**Task objective:**
Word for word, restate the entries below and exclude every image.
--- Data in this exercise Enclosed Below ---
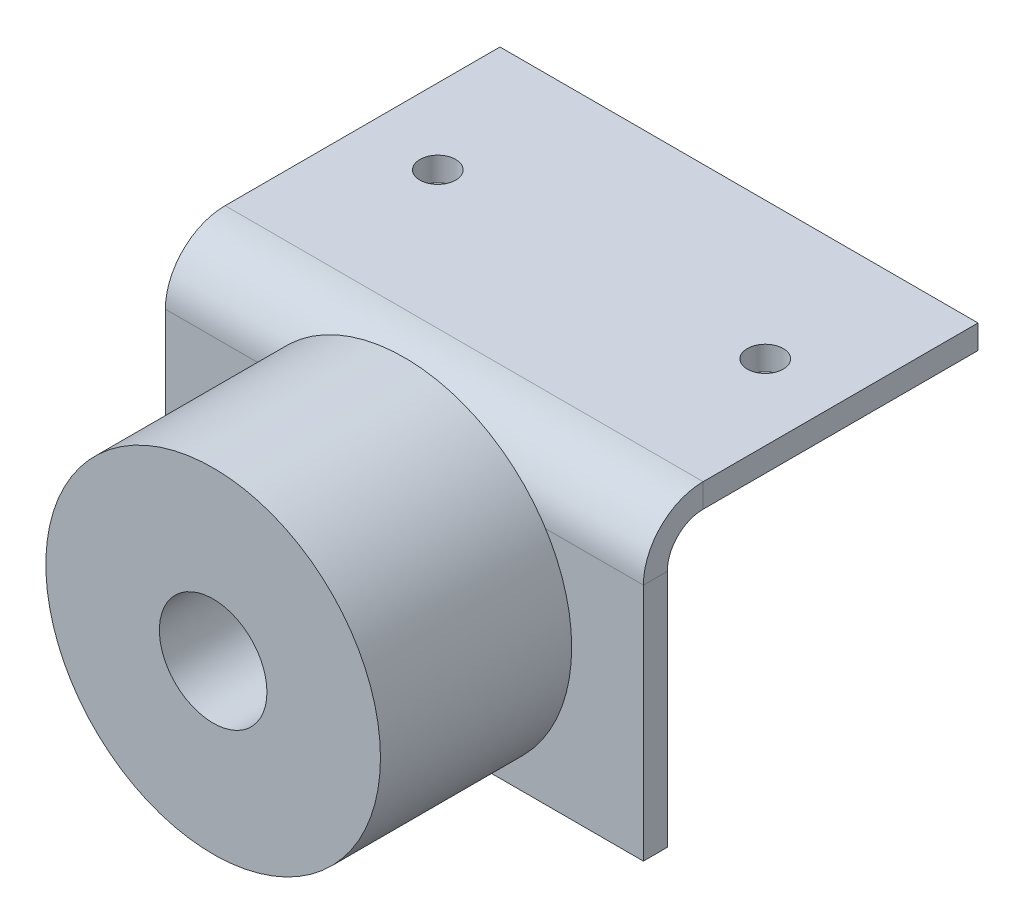
ISO-10303-21;
HEADER;
FILE_DESCRIPTION(('STEP AP214'),'2;1');
FILE_NAME('part.step','',(''),(''),'','','');
FILE_SCHEMA(('AUTOMOTIVE_DESIGN { 1 0 10303 214 1 1 1 1 }'));
ENDSEC;
DATA;
#1=APPLICATION_CONTEXT('core data for automotive mechanical design processes');
#2=APPLICATION_PROTOCOL_DEFINITION('international standard','automotive_design',2000,#1);
#3=PRODUCT_CONTEXT('',#1,'mechanical');
#4=PRODUCT('Part','Part','',(#3));
#5=PRODUCT_RELATED_PRODUCT_CATEGORY('part','',(#4));
#6=PRODUCT_DEFINITION_FORMATION('','',#4);
#7=PRODUCT_DEFINITION_CONTEXT('part definition',#1,'design');
#8=PRODUCT_DEFINITION('design','',#6,#7);
#9=PRODUCT_DEFINITION_SHAPE('','',#8);
#10=(LENGTH_UNIT() NAMED_UNIT(*) SI_UNIT(.MILLI.,.METRE.));
#11=(NAMED_UNIT(*) PLANE_ANGLE_UNIT() SI_UNIT($,.RADIAN.));
#12=(NAMED_UNIT(*) SI_UNIT($,.STERADIAN.) SOLID_ANGLE_UNIT());
#13=UNCERTAINTY_MEASURE_WITH_UNIT(LENGTH_MEASURE(1.E-05),#10,'distance_accuracy_value','');
#14=(GEOMETRIC_REPRESENTATION_CONTEXT(3) GLOBAL_UNCERTAINTY_ASSIGNED_CONTEXT((#13)) GLOBAL_UNIT_ASSIGNED_CONTEXT((#10,
#11,#12)) REPRESENTATION_CONTEXT('',''));
#15=CARTESIAN_POINT('',(0.,0.,0.));
#16=DIRECTION('',(0.,0.,1.));
#17=DIRECTION('',(1.,0.,0.));
#18=AXIS2_PLACEMENT_3D('',#15,#16,#17);
#19=CARTESIAN_POINT('',(20.,12.5,-5.));
#20=DIRECTION('',(1.,0.,0.));
#21=DIRECTION('',(0.,0.,-1.));
#22=AXIS2_PLACEMENT_3D('',#19,#20,#21);
#23=PLANE('',#22);
#24=DIRECTION('',(0.,-1.,0.));
#25=VECTOR('',#24,1.);
#26=CARTESIAN_POINT('',(20.,12.5,-5.));
#27=LINE('',#26,#25);
#28=CARTESIAN_POINT('',(20.,12.5,-5.));
#29=VERTEX_POINT('',#28);
#30=CARTESIAN_POINT('',(20.,10.5,-5.));
#31=VERTEX_POINT('',#30);
#32=EDGE_CURVE('E12',#29,#31,#27,.T.);
#33=ORIENTED_EDGE('',*,*,#32,.F.);
#34=CARTESIAN_POINT('',(20.,7.5,-5.));
#35=DIRECTION('',(1.,0.,0.));
#36=DIRECTION('',(0.,0.,-1.));
#37=AXIS2_PLACEMENT_3D('',#34,#35,#36);
#38=CIRCLE('',#37,5.);
#39=CARTESIAN_POINT('',(20.,7.5,0.));
#40=VERTEX_POINT('',#39);
#41=EDGE_CURVE('E147',#40,#29,#38,.F.);
#42=ORIENTED_EDGE('',*,*,#41,.F.);
#43=DIRECTION('',(0.,0.,1.));
#44=VECTOR('',#43,1.);
#45=CARTESIAN_POINT('',(20.,7.5,-2.));
#46=LINE('',#45,#44);
#47=CARTESIAN_POINT('',(20.,7.5,-2.));
#48=VERTEX_POINT('',#47);
#49=EDGE_CURVE('E58',#48,#40,#46,.T.);
#50=ORIENTED_EDGE('',*,*,#49,.F.);
#51=CARTESIAN_POINT('',(20.,7.5,-5.));
#52=DIRECTION('',(1.,0.,0.));
#53=DIRECTION('',(0.,0.,-1.));
#54=AXIS2_PLACEMENT_3D('',#51,#52,#53);
#55=CIRCLE('',#54,3.);
#56=EDGE_CURVE('E140',#48,#31,#55,.F.);
#57=ORIENTED_EDGE('',*,*,#56,.T.);
#58=EDGE_LOOP('',(#33,#42,#50,#57));
#59=FACE_BOUND('',#58,.T.);
#60=ADVANCED_FACE('F49',(#59),#23,.T.);
#61=CARTESIAN_POINT('',(20.,7.5,-2.));
#62=DIRECTION('',(1.,0.,0.));
#63=DIRECTION('',(0.,0.,-1.));
#64=AXIS2_PLACEMENT_3D('',#61,#62,#63);
#65=PLANE('',#64);
#66=DIRECTION('',(0.,0.,-1.));
#67=VECTOR('',#66,1.);
#68=CARTESIAN_POINT('',(20.,12.5,0.));
#69=LINE('',#68,#67);
#70=CARTESIAN_POINT('',(20.,12.5,-28.));
#71=VERTEX_POINT('',#70);
#72=EDGE_CURVE('E198',#29,#71,#69,.T.);
#73=ORIENTED_EDGE('',*,*,#72,.F.);
#74=ORIENTED_EDGE('',*,*,#32,.T.);
#75=DIRECTION('',(0.,0.,-1.));
#76=VECTOR('',#75,1.);
#77=CARTESIAN_POINT('',(20.,10.5,0.));
#78=LINE('',#77,#76);
#79=CARTESIAN_POINT('',(20.,10.5,-28.));
#80=VERTEX_POINT('',#79);
#81=EDGE_CURVE('E106',#31,#80,#78,.T.);
#82=ORIENTED_EDGE('',*,*,#81,.T.);
#83=DIRECTION('',(0.,-1.,0.));
#84=VECTOR('',#83,1.);
#85=CARTESIAN_POINT('',(20.,12.5,-28.));
#86=LINE('',#85,#84);
#87=EDGE_CURVE('E387',#71,#80,#86,.T.);
#88=ORIENTED_EDGE('',*,*,#87,.F.);
#89=EDGE_LOOP('',(#73,#74,#82,#88));
#90=FACE_BOUND('',#89,.T.);
#91=ADVANCED_FACE('F206',(#90),#65,.T.);
#92=CARTESIAN_POINT('',(-20.,7.5,0.));
#93=DIRECTION('',(-1.,0.,0.));
#94=DIRECTION('',(0.,0.,1.));
#95=AXIS2_PLACEMENT_3D('',#92,#93,#94);
#96=PLANE('',#95);
#97=DIRECTION('',(0.,0.,-1.));
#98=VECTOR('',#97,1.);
--- End of Enclosed Data in this exercise ---
**Reply:**
ISO-10303-21;
HEADER;
FILE_DESCRIPTION(('STEP AP214'),'2;1');
FILE_NAME('part.step','',(''),(''),'','','');
FILE_SCHEMA(('AUTOMOTIVE_DESIGN { 1 0 10303 214 1 1 1 1 }'));
ENDSEC;
DATA;
#1=APPLICATION_CONTEXT('core data for automotive mechanical design processes');
#2=APPLICATION_PROTOCOL_DEFINITION('international standard','automotive_design',2000,#1);
#3=PRODUCT_CONTEXT('',#1,'mechanical');
#4=PRODUCT('Part','Part','',(#3));
#5=PRODUCT_RELATED_PRODUCT_CATEGORY('part','',(#4));
#6=PRODUCT_DEFINITION_FORMATION('','',#4);
#7=PRODUCT_DEFINITION_CONTEXT('part definition',#1,'design');
#8=PRODUCT_DEFINITION('design','',#6,#7);
#9=PRODUCT_DEFINITION_SHAPE('','',#8);
#10=(LENGTH_UNIT() NAMED_UNIT(*) SI_UNIT(.MILLI.,.METRE.));
#11=(NAMED_UNIT(*) PLANE_ANGLE_UNIT() SI_UNIT($,.RADIAN.));
#12=(NAMED_UNIT(*) SI_UNIT($,.STERADIAN.) SOLID_ANGLE_UNIT());
#13=UNCERTAINTY_MEASURE_WITH_UNIT(LENGTH_MEASURE(1.E-05),#10,'distance_accuracy_value','');
#14=(GEOMETRIC_REPRESENTATION_CONTEXT(3) GLOBAL_UNCERTAINTY_ASSIGNED_CONTEXT((#13)) GLOBAL_UNIT_ASSIGNED_CONTEXT((#10,
#11,#12)) REPRESENTATION_CONTEXT('',''));
#15=CARTESIAN_POINT('',(0.,0.,0.));
#16=DIRECTION('',(0.,0.,1.));
#17=DIRECTION('',(1.,0.,0.));
#18=AXIS2_PLACEMENT_3D('',#15,#16,#17);
#19=CARTESIAN_POINT('',(20.,12.5,-5.));
#20=DIRECTION('',(1.,0.,0.));
#21=DIRECTION('',(0.,0.,-1.));
#22=AXIS2_PLACEMENT_3D('',#19,#20,#21);
#23=PLANE('',#22);
#24=DIRECTION('',(0.,-1.,0.));
#25=VECTOR('',#24,1.);
#26=CARTESIAN_POINT('',(20.,12.5,-5.));
#27=LINE('',#26,#25);
#28=CARTESIAN_POINT('',(20.,12.5,-5.));
#29=VERTEX_POINT('',#28);
#30=CARTESIAN_POINT('',(20.,10.5,-5.));
#31=VERTEX_POINT('',#30);
#32=EDGE_CURVE('E12',#29,#31,#27,.T.);
#33=ORIENTED_EDGE('',*,*,#32,.F.);
#34=CARTESIAN_POINT('',(20.,7.5,-5.));
#35=DIRECTION('',(1.,0.,0.));
#36=DIRECTION('',(0.,0.,-1.));
#37=AXIS2_PLACEMENT_3D('',#34,#35,#36);
#38=CIRCLE('',#37,5.);
#39=CARTESIAN_POINT('',(20.,7.5,0.));
#40=VERTEX_POINT('',#39);
#41=EDGE_CURVE('E147',#40,#29,#38,.F.);
#42=ORIENTED_EDGE('',*,*,#41,.F.);
#43=DIRECTION('',(0.,0.,1.));
#44=VECTOR('',#43,1.);
#45=CARTESIAN_POINT('',(20.,7.5,-2.));
#46=LINE('',#45,#44);
#47=CARTESIAN_POINT('',(20.,7.5,-2.));
#48=VERTEX_POINT('',#47);
#49=EDGE_CURVE('E58',#48,#40,#46,.T.);
#50=ORIENTED_EDGE('',*,*,#49,.F.);
#51=CARTESIAN_POINT('',(20.,7.5,-5.));
#52=DIRECTION('',(1.,0.,0.));
#53=DIRECTION('',(0.,0.,-1.));
#54=AXIS2_PLACEMENT_3D('',#51,#52,#53);
#55=CIRCLE('',#54,3.);
#56=EDGE_CURVE('E140',#48,#31,#55,.F.);
#57=ORIENTED_EDGE('',*,*,#56,.T.);
#58=EDGE_LOOP('',(#33,#42,#50,#57));
#59=FACE_BOUND('',#58,.T.);
#60=ADVANCED_FACE('F49',(#59),#23,.T.);
#61=CARTESIAN_POINT('',(20.,7.5,-2.));
#62=DIRECTION('',(1.,0.,0.));
#63=DIRECTION('',(0.,0.,-1.));
#64=AXIS2_PLACEMENT_3D('',#61,#62,#63);
#65=PLANE('',#64);
#66=DIRECTION('',(0.,0.,-1.));
#67=VECTOR('',#66,1.);
#68=CARTESIAN_POINT('',(20.,12.5,0.));
#69=LINE('',#68,#67);
#70=CARTESIAN_POINT('',(20.,12.5,-28.));
#71=VERTEX_POINT('',#70);
#72=EDGE_CURVE('E198',#29,#71,#69,.T.);
#73=ORIENTED_EDGE('',*,*,#72,.F.);
#74=ORIENTED_EDGE('',*,*,#32,.T.);
#75=DIRECTION('',(0.,0.,-1.));
#76=VECTOR('',#75,1.);
#77=CARTESIAN_POINT('',(20.,10.5,0.));
#78=LINE('',#77,#76);
#79=CARTESIAN_POINT('',(20.,10.5,-28.));
#80=VERTEX_POINT('',#79);
#81=EDGE_CURVE('E106',#31,#80,#78,.T.);
#82=ORIENTED_EDGE('',*,*,#81,.T.);
#83=DIRECTION('',(0.,-1.,0.));
#84=VECTOR('',#83,1.);
#85=CARTESIAN_POINT('',(20.,12.5,-28.));
#86=LINE('',#85,#84);
#87=EDGE_CURVE('E387',#71,#80,#86,.T.);
#88=ORIENTED_EDGE('',*,*,#87,.F.);
#89=EDGE_LOOP('',(#73,#74,#82,#88));
#90=FACE_BOUND('',#89,.T.);
#91=ADVANCED_FACE('F206',(#90),#65,.T.);
#92=CARTESIAN_POINT('',(-20.,7.5,0.));
#93=DIRECTION('',(-1.,0.,0.));
#94=DIRECTION('',(0.,0.,1.));
#95=AXIS2_PLACEMENT_3D('',#92,#93,#94);
#96=PLANE('',#95);
#97=DIRECTION('',(0.,0.,-1.));
#98=VECTOR('',#97,1.);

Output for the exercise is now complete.